Biological implants, radio frequency identification device (“RFID”) tags, and smart credit cards utilize low bit-rate short distance communications. Power consumption is of utmost importance in such applications. Recently there has been a lot of attention to the development of implantable electronic devices, for medical treatment and rehabilitation. In such biological implants, external data transmitters communicate control and data signals to the implant wirelessly. For example, deep brain implants are used to control seizures in epileptic patients where the external command signals may include information about pattern for micro-stimulation and feedback. At the same time the external controller is also responsible to deliver power to the implant device wirelessly. This method of power delivery is called power telemetry. Due to limited efficiency of such power delivery, it places a critical constraint on the power consumption of the embedded transceivers. In these applications, it has been found that Binary Phase Shift Keying (“BPSK”) is a more suitable protocol of communication than Amplitude Shift Keying (“ASK”) and Frequency Shift Keying (“FSK”). The reason for this is that BPSK has fixed signal amplitude and a constant carrier frequency. Constant amplitude carrier signal provides a stable power transfer at high transfer efficiency and the constant carrier frequency allows the use of fixed sized antennas designed for optimal data and power coupling. BPSK transceivers have been designed for biological implants with great success.

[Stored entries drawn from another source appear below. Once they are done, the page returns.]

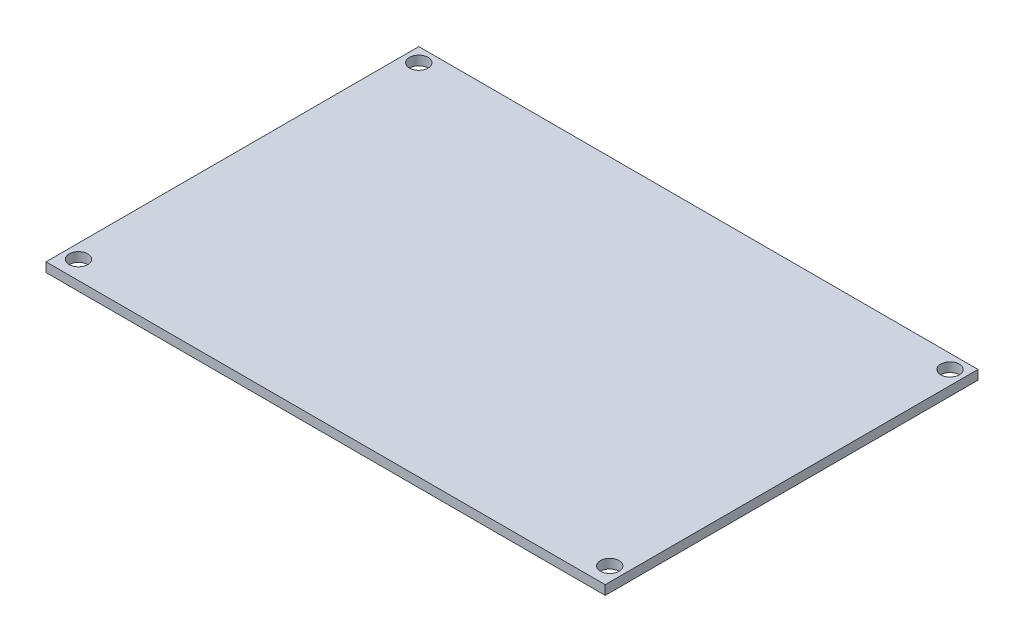
from build123d import *

# Parameters (mm, degrees)
SKETCH1_W               = 120
SKETCH1_H               = 80
BOSS_EXTRUDE1_DEPTH     = 2
CUT_EXTRUDE1_DEPTH      = 10
CUT_EXTRUDE1_DEPTH_BACK = 10
SKETCH2_R               = 2


with BuildPart() as part:
    # Sketch1 → Boss-Extrude1 (new body)
    with BuildSketch(Plane(origin=(0, 0, 0), x_dir=(1, 0, 0), z_dir=(0, 1, 0))):
        Rectangle(SKETCH1_W, SKETCH1_H)
    extrude(amount=BOSS_EXTRUDE1_DEPTH)

    # Sketch2 → Cut-Extrude1 (cut, two sides: drawn at the far end of the back side and taken through both)
    with BuildSketch(Plane(origin=(0, 2, 0), x_dir=(1, 0, 0), z_dir=(0, 1, 0)).offset(-CUT_EXTRUDE1_DEPTH_BACK)):
        with Locations((-57, 37)):
            Circle(SKETCH2_R)
        with Locations((57, 37)):
            Circle(SKETCH2_R)
        with Locations((57, -36.028768063)):
            Circle(SKETCH2_R)
        with Locations((-57, -36.028768063)):
            Circle(SKETCH2_R)
    extrude(amount=CUT_EXTRUDE1_DEPTH + CUT_EXTRUDE1_DEPTH_BACK, mode=Mode.SUBTRACT)


solid = part.part

FIG. 1A shows a block diagram of a squaring loop design type BPSK demodulator 100. The squaring loop design 100 is one of the earliest circuits used for the detection of BPSK signals. The squaring loop design 100 includes a square device 110, a divide-by-2 frequency divider 120, and a phase lock loop (“PLL”) 130. The PLL includes a low pass filter (“LPF”) 132 and a voltage control oscillator (“VCO”) 134. The squaring loop design 100 extracts a carrier signal 140 by using the square device 110 to cancel the data riding on top of it, but in the process the square device 110 doubles the carrier frequency. Therefore, the divide-by-2 frequency divider 120 is needed to extract the carrier frequency once the phase lock loop (PLL) 130 locks onto the doubled carrier frequency.
FIG. 1B shows a block diagram of a BPSK demodulator using a Costas loop design 150. The Costas loop design is a very successful solution for coherent detection of BPSK signals. The Costas loop design includes a lower branch 160, an upper branch 170, and a center branch 180. The upper and lower branches 160, 170 include respective mixers 162, 172 and LPFs 164, 174. The center branch 180 includes a mixer 182, a LPF 184, a VCO 184, and a quadrature signal generator 188. The quadrature signal generator 188 generates two signals with identical frequency, but each signal has a 90 degree phase difference. These two signals are independently multiplied by the BPSK signal to perform down-conversion multiplications into an “I” signal and a “Q” signal. When locked, the lower branch 160 (Q branch) together with center branch 180 form a loop that acts as a normal PLL that locks onto the carrier frequency. The BPSK data information 190 is then extracted in the upper branch 170 (I branch).